### Representing independencies using pgmpy
To represent independencies, pgmpy has two classes, namely IndependenceAssertion and Independencies.

In [2]:
# represent independence assertions using the class - IndependenceAssertion
from pgmpy.independencies import IndependenceAssertion
assertion1 = IndependenceAssertion('X', 'Y')
assertion1

(X _|_ Y)

In [3]:
#assertion1 represents that the variable X is independent of the variable Y. 
#To represent conditional assertions, we just need to add a third argument to IndependenceAssertion
assertion2 = IndependenceAssertion('X', 'Y', 'Z')
assertion2

(X _|_ Y | Z)

In [9]:
# class Independencies is used to represent set of independence assertions
from pgmpy.independencies import Independencies
independencies = Independencies()
print(independencies.get_assertions())
independencies.add_assertions(assertion1, assertion2)
print(independencies.get_assertions())

[]
[(X _|_ Y), (X _|_ Y | Z)]


In [10]:
#The other way to do the same is direct initialization
independencies2 = Independencies(assertion1, assertion2)
print(independencies2.get_assertions())

independencies3 = Independencies(['X', 'Y'], ['X', 'Y', 'Z'])
print(independencies3.get_assertions())

[(X _|_ Y), (X _|_ Y | Z)]
[(X _|_ Y), (X _|_ Y | Z)]


### Representing joint probability distributions using pgmpy

In [11]:
from pgmpy.factors.discrete import JointProbabilityDistribution as Joint
dist = Joint(['coin1', 'coin2'], [2,2], [0.25, 0.25, 0.25, 0.25])
print(dist)

+---------+---------+------------------+
| coin1   | coin2   |   P(coin1,coin2) |
| coin1_0 | coin2_0 |           0.2500 |
+---------+---------+------------------+
| coin1_0 | coin2_1 |           0.2500 |
+---------+---------+------------------+
| coin1_1 | coin2_0 |           0.2500 |
+---------+---------+------------------+
| coin1_1 | coin2_1 |           0.2500 |
+---------+---------+------------------+


In [14]:
dist.check_independence(['coin1'], ['coin2'])
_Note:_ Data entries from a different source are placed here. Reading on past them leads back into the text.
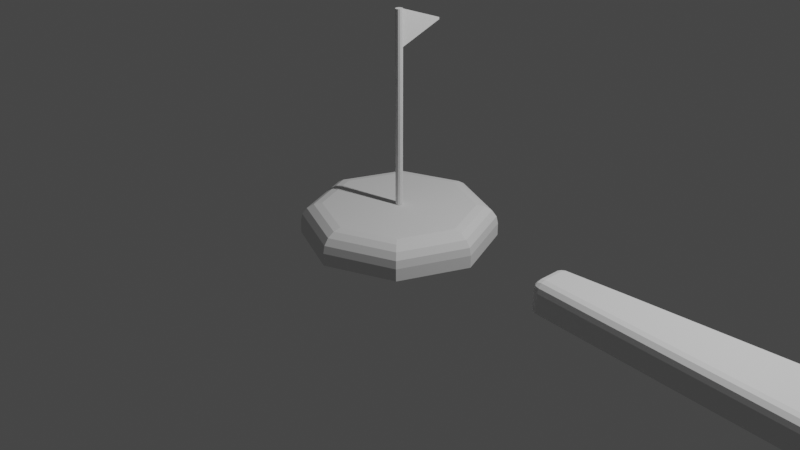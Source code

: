 # Source: Flaggrab.blend  (saved by Blender 2.91.10; exported with 4.5.12 LTS)
import bpy
from mathutils import Matrix  # noqa: F401  (used for matrix-valued properties, if any)

bpy.ops.wm.read_factory_settings(use_empty=True)
scene = bpy.context.scene
scene.name = 'Scene'

# ---- collections
col_collection = bpy.data.collections.new('Collection'); scene.collection.children.link(col_collection)
col_flag = bpy.data.collections.new('Flag'); scene.collection.children.link(col_flag)

# ---- world
world_world = bpy.data.worlds.new('World'); scene.world = world_world
world_world.use_nodes = True; world_world.node_tree.nodes.clear()
_N = world_world.node_tree.nodes; _L = world_world.node_tree.links
n0 = _N.new('ShaderNodeOutputWorld'); n0.name = 'World Output'; n0.location = (300, 300)
n1 = _N.new('ShaderNodeBackground'); n1.name = 'Background'; n1.location = (10, 300)
n1.inputs[0].default_value = (0.05088, 0.05088, 0.05088, 1.0)
_L.new(n1.outputs[0], n0.inputs[0])
n0.is_active_output = True
world_world.color = (0.05088, 0.05088, 0.05088)
world_world.use_sun_shadow = False
world_world.sun_shadow_jitter_overblur = 0.0

# ---- cameras
cam_camera = bpy.data.cameras.new('Camera')
cam_camera.clip_end = 100.0
cam_camera.ortho_scale = 7.314

# ---- lights
light_light = bpy.data.lights.new('Light', 'POINT')
light_light.transmission_factor = 0.0
light_light.energy = 1000.0
light_light.shadow_soft_size = 0.1
light_light.shadow_maximum_resolution = 0.006
light_light.use_absolute_resolution = True

# ---- meshes
me_cube_002 = bpy.data.meshes.new('Cube.002')
me_cube_002.from_pydata([(2.6, -0.2597, -0.1535), (2.6, 0.2597, -0.1535), (10.18, 1.0, -0.1535), (6.392, 0.5052, -0.1535), (6.392, -0.5052, -0.1535), (10.18, -1.0, -0.1535), (2.6, -0.1587, 0.1535), (2.6, -0.2597, 0.05282), (2.6, -0.2092, 0.14), (2.6, -0.2462, 0.1031), (2.6, 0.2597, 0.05282), (2.6, 0.1587, 0.1535), (2.6, 0.2462, 0.1031), (2.6, 0.2092, 0.14), (13.98, -0.8994, -0.1535), (13.88, -1.0, -0.1535), (13.96, -0.9497, -0.1535), (13.93, -0.9865, -0.1535), (13.88, -0.8991, 0.1535), (13.88, -1.0, 0.05282), (13.98, -0.8994, 0.05282), (13.88, -0.9486, 0.1385), (13.93, -0.8992, 0.1385), (13.92, -0.9471, 0.1273), (13.93, -0.9851, 0.05282), (13.88, -0.985, 0.1022), (13.92, -0.9739, 0.1007), (13.96, -0.8993, 0.1022), (13.96, -0.9488, 0.05282), (13.95, -0.9472, 0.1007), (13.88, 1.0, -0.1535), (13.98, 0.8994, -0.1535), (13.93, 0.9865, -0.1535), (13.96, 0.9497, -0.1535), (13.88, 0.8991, 0.1535), (13.98, 0.8994, 0.05282), (13.88, 1.0, 0.05282), (13.93, 0.8992, 0.14), (13.88, 0.9494, 0.14), (13.93, 0.9474, 0.1269), (13.96, 0.9497, 0.05282), (13.96, 0.8993, 0.1031), (13.95, 0.9475, 0.1009), (13.88, 0.9865, 0.1031), (13.93, 0.9866, 0.05282), (13.93, 0.9735, 0.1009), (6.392, 0.4042, 0.1535), (6.392, 0.5052, 0.05282), (6.392, 0.4547, 0.14), (6.392, 0.4917, 0.1031), (10.18, 1.0, 0.05282), (10.18, 0.899, 0.1535), (10.18, 0.9865, 0.1031), (10.18, 0.9495, 0.14), (10.18, -0.899, 0.1535), (10.18, -1.0, 0.05282), (10.18, -0.9495, 0.14), (10.18, -0.9865, 0.1031), (6.392, -0.5052, 0.05282), (6.392, -0.4042, 0.1535), (6.392, -0.4917, 0.1031), (6.392, -0.4547, 0.14), (1.905, 0.1119, -0.1535), (2.005, 0.2194, -0.1535), (1.918, 0.1632, -0.1535), (1.955, 0.2025, -0.1535), (2.005, -0.2194, -0.1535), (1.905, -0.1119, -0.1535), (1.955, -0.2025, -0.1535), (1.918, -0.1632, -0.1535), (2.005, -0.2194, 0.05282), (2.005, -0.1184, 0.1535), (1.905, -0.1119, 0.05282), (2.005, -0.2058, 0.1031), (1.955, -0.2026, 0.05282), (1.957, -0.1896, 0.1009), (1.955, -0.1151, 0.14), (2.005, -0.1688, 0.14), (1.957, -0.1635, 0.1269), (1.918, -0.1631, 0.05282), (1.918, -0.1127, 0.1031), (1.931, -0.1618, 0.1009), (2.005, 0.1184, 0.1535), (2.005, 0.2194, 0.05282), (1.905, 0.1119, 0.05282), (2.004, 0.1679, 0.1385), (1.956, 0.1164, 0.1385), (1.957, 0.1636, 0.1273), (1.956, 0.2011, 0.05282), (2.004, 0.2043, 0.1022), (1.957, 0.1901, 0.1007), (1.92, 0.114, 0.1022), (1.92, 0.1623, 0.05282), (1.931, 0.1619, 0.1007)], [], [(2, 30, 32, 33, 31, 14, 16, 17, 15, 5), (3, 47, 50, 2), (15, 19, 55, 5), (6, 11, 82, 71), (31, 35, 20, 14), (1, 10, 47, 3), (2, 50, 36, 30), (5, 55, 58, 4), (1, 3, 4, 0), (3, 2, 5, 4), (34, 51, 54, 18), (1, 0, 66, 68, 69, 67, 62, 64, 65, 63), (10, 1, 63, 83), (51, 46, 59, 54), (4, 58, 7, 0), (46, 11, 6, 59), (67, 72, 84, 62), (18, 21, 23, 22), (21, 25, 26, 23), (19, 24, 26, 25), (24, 28, 29, 26), (20, 27, 29, 28), (27, 22, 23, 29), (23, 26, 29), (34, 37, 39, 38), (37, 41, 42, 39), (35, 40, 42, 41), (40, 44, 45, 42), (36, 43, 45, 44), (43, 38, 39, 45), (39, 42, 45), (70, 73, 75, 74), (73, 77, 78, 75), (71, 76, 78, 77), (76, 80, 81, 78), (72, 79, 81, 80), (79, 74, 75, 81), (75, 78, 81), (82, 85, 87, 86), (85, 89, 90, 87), (83, 88, 90, 89), (88, 92, 93, 90), (84, 91, 93, 92), (91, 86, 87, 93), (87, 90, 93), (51, 34, 38, 53), (53, 38, 43, 52), (52, 43, 36, 50), (35, 31, 33, 40), (40, 33, 32, 44), (44, 32, 30, 36), (34, 18, 22, 37), (37, 22, 27, 41), (41, 27, 20, 35), (19, 15, 17, 24), (24, 17, 16, 28), (28, 16, 14, 20), (59, 6, 8, 61), (61, 8, 9, 60), (60, 9, 7, 58), (11, 46, 48, 13), (13, 48, 49, 12), (12, 49, 47, 10), (46, 51, 53, 48), (48, 53, 52, 49), (49, 52, 50, 47), (18, 54, 56, 21), (21, 56, 57, 25), (25, 57, 55, 19), (54, 59, 61, 56), (56, 61, 60, 57), (57, 60, 58, 55), (66, 70, 74, 68), (68, 74, 79, 69), (69, 79, 72, 67), (71, 82, 86, 76), (76, 86, 91, 80), (80, 91, 84, 72), (83, 63, 65, 88), (88, 65, 64, 92), (92, 64, 62, 84), (82, 11, 13, 85), (85, 13, 12, 89), (89, 12, 10, 83), (6, 71, 77, 8), (8, 77, 73, 9), (9, 73, 70, 7), (0, 7, 70, 66)])
_uv = me_cube_002.uv_layers.new(name='UVMap')
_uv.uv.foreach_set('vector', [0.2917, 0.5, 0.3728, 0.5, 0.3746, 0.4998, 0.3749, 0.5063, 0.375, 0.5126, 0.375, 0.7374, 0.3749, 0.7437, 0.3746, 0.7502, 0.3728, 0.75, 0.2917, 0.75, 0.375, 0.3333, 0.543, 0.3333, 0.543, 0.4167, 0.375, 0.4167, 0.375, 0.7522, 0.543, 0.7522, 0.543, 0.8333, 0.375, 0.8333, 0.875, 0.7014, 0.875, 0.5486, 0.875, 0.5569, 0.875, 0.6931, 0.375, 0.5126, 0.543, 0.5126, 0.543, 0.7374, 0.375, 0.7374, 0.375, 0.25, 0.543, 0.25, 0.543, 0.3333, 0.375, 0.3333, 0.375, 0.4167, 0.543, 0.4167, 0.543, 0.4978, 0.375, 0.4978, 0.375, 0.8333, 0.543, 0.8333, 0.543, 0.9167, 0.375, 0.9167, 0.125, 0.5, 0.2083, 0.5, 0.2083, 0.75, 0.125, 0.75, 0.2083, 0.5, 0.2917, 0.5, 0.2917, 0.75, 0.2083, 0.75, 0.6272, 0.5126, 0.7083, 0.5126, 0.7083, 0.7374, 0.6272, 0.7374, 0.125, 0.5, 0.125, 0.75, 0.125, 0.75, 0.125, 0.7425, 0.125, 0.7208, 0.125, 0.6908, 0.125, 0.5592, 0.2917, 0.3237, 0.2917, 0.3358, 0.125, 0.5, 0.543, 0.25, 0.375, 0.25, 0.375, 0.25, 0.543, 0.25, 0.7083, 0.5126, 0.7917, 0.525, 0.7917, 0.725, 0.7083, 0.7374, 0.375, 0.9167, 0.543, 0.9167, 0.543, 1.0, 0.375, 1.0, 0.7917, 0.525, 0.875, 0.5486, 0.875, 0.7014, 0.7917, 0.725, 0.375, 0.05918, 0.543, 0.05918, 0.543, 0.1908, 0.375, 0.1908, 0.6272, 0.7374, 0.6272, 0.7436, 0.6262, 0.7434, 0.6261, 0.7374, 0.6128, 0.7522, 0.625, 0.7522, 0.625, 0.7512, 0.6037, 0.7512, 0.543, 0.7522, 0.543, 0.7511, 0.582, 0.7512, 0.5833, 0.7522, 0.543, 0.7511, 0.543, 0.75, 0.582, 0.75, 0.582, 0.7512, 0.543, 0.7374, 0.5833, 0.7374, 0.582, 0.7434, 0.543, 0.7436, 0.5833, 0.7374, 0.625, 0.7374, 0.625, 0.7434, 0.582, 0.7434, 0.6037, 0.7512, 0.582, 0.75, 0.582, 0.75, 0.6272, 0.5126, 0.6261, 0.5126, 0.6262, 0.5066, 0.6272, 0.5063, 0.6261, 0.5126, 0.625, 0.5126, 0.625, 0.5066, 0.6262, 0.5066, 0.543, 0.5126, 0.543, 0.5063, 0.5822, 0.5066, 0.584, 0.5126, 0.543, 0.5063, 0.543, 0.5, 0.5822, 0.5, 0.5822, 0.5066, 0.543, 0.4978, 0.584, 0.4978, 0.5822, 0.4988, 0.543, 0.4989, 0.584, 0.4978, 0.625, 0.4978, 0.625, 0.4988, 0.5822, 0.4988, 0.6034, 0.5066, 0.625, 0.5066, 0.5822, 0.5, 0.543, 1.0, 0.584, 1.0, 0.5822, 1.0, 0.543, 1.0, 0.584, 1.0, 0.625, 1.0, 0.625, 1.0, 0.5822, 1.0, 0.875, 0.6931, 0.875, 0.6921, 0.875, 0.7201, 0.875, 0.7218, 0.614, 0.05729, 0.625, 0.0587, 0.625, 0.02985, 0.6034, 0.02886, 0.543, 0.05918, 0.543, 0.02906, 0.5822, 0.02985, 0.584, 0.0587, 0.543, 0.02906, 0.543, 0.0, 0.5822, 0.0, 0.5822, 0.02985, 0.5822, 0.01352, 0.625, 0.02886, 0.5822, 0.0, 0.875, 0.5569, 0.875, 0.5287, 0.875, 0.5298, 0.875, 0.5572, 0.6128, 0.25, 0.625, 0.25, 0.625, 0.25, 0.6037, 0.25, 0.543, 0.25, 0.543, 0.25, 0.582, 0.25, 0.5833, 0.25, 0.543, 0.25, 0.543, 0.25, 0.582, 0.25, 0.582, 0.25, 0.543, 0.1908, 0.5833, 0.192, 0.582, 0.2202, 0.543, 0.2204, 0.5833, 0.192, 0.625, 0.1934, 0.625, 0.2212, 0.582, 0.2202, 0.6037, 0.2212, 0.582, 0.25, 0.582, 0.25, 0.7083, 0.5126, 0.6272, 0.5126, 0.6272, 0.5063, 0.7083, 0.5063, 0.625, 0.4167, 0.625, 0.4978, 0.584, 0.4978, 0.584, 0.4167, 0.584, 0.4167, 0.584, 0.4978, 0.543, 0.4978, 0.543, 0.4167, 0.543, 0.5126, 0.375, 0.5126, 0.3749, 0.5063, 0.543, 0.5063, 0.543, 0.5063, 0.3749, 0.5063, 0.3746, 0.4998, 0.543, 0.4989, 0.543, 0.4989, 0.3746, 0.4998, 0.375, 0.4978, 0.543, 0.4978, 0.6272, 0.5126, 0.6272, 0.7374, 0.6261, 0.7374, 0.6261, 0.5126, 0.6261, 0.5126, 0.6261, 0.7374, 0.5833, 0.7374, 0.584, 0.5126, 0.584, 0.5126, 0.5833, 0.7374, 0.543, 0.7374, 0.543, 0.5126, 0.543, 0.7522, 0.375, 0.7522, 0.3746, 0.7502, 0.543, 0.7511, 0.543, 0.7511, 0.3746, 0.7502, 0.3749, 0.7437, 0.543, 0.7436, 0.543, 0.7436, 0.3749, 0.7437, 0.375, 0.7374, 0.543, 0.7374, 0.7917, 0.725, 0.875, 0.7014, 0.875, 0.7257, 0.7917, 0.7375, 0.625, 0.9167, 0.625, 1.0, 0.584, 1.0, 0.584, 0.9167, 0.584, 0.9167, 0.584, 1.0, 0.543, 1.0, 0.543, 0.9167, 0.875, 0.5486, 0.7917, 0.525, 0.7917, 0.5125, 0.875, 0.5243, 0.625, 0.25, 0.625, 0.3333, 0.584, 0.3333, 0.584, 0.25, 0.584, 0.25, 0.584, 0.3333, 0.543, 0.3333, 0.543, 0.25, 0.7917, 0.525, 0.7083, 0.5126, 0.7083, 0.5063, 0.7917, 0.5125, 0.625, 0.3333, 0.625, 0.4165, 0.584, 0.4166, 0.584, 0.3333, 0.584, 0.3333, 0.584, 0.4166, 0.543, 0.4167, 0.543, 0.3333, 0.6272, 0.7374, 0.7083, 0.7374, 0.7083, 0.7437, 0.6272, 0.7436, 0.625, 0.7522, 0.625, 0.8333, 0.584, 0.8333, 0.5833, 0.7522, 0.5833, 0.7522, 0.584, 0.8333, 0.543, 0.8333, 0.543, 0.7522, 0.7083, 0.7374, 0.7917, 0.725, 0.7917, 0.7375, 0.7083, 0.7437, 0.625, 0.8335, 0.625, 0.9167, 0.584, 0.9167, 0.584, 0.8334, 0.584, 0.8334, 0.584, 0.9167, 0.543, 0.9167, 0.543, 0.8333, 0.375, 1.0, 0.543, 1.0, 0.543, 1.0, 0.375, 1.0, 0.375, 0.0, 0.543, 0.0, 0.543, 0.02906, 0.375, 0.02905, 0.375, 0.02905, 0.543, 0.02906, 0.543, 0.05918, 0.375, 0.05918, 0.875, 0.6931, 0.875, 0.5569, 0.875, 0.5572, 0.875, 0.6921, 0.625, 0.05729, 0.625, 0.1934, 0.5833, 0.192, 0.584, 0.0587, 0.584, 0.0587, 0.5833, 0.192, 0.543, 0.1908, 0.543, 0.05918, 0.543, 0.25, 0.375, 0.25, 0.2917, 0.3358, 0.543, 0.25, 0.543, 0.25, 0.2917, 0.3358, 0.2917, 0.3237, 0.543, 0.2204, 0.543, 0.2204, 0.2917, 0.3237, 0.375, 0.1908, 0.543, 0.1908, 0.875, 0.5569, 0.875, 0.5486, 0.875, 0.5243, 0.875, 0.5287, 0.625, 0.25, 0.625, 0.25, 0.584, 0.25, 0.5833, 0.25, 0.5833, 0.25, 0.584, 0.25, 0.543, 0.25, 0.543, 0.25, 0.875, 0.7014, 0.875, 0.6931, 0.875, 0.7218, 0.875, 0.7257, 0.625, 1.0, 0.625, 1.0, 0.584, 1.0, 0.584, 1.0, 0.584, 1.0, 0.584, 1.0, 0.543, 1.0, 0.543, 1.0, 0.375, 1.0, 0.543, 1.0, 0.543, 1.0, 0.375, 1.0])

  phi.values = phi.values[slice_]
  phi1.values = phi1.values[slice_]


True

### Conditinal Probability Distribution - CPD
CPD is represented using a tabular CPD, which is, we construct a table containing all possible combinations of different states of the random variables and the probabilisties corresponding to those states. 

In [15]:
from pgmpy.factors.discrete.CPD import TabularCPD


In [19]:
quality = TabularCPD(variable='Quality', variable_card=3, values=[[0.3], [0.5], [0.2]])
print(quality)

+-----------+-----+
| Quality_0 | 0.3 |
+-----------+-----+
| Quality_1 | 0.5 |
+-----------+-----+
| Quality_2 | 0.2 |
+-----------+-----+
['Quality']


In [28]:
print('random variables involved in the CPD --> ', quality.variables)
print('cardinality --> ', quality.cardinality)
print('values of the CPD --> ', quality.values)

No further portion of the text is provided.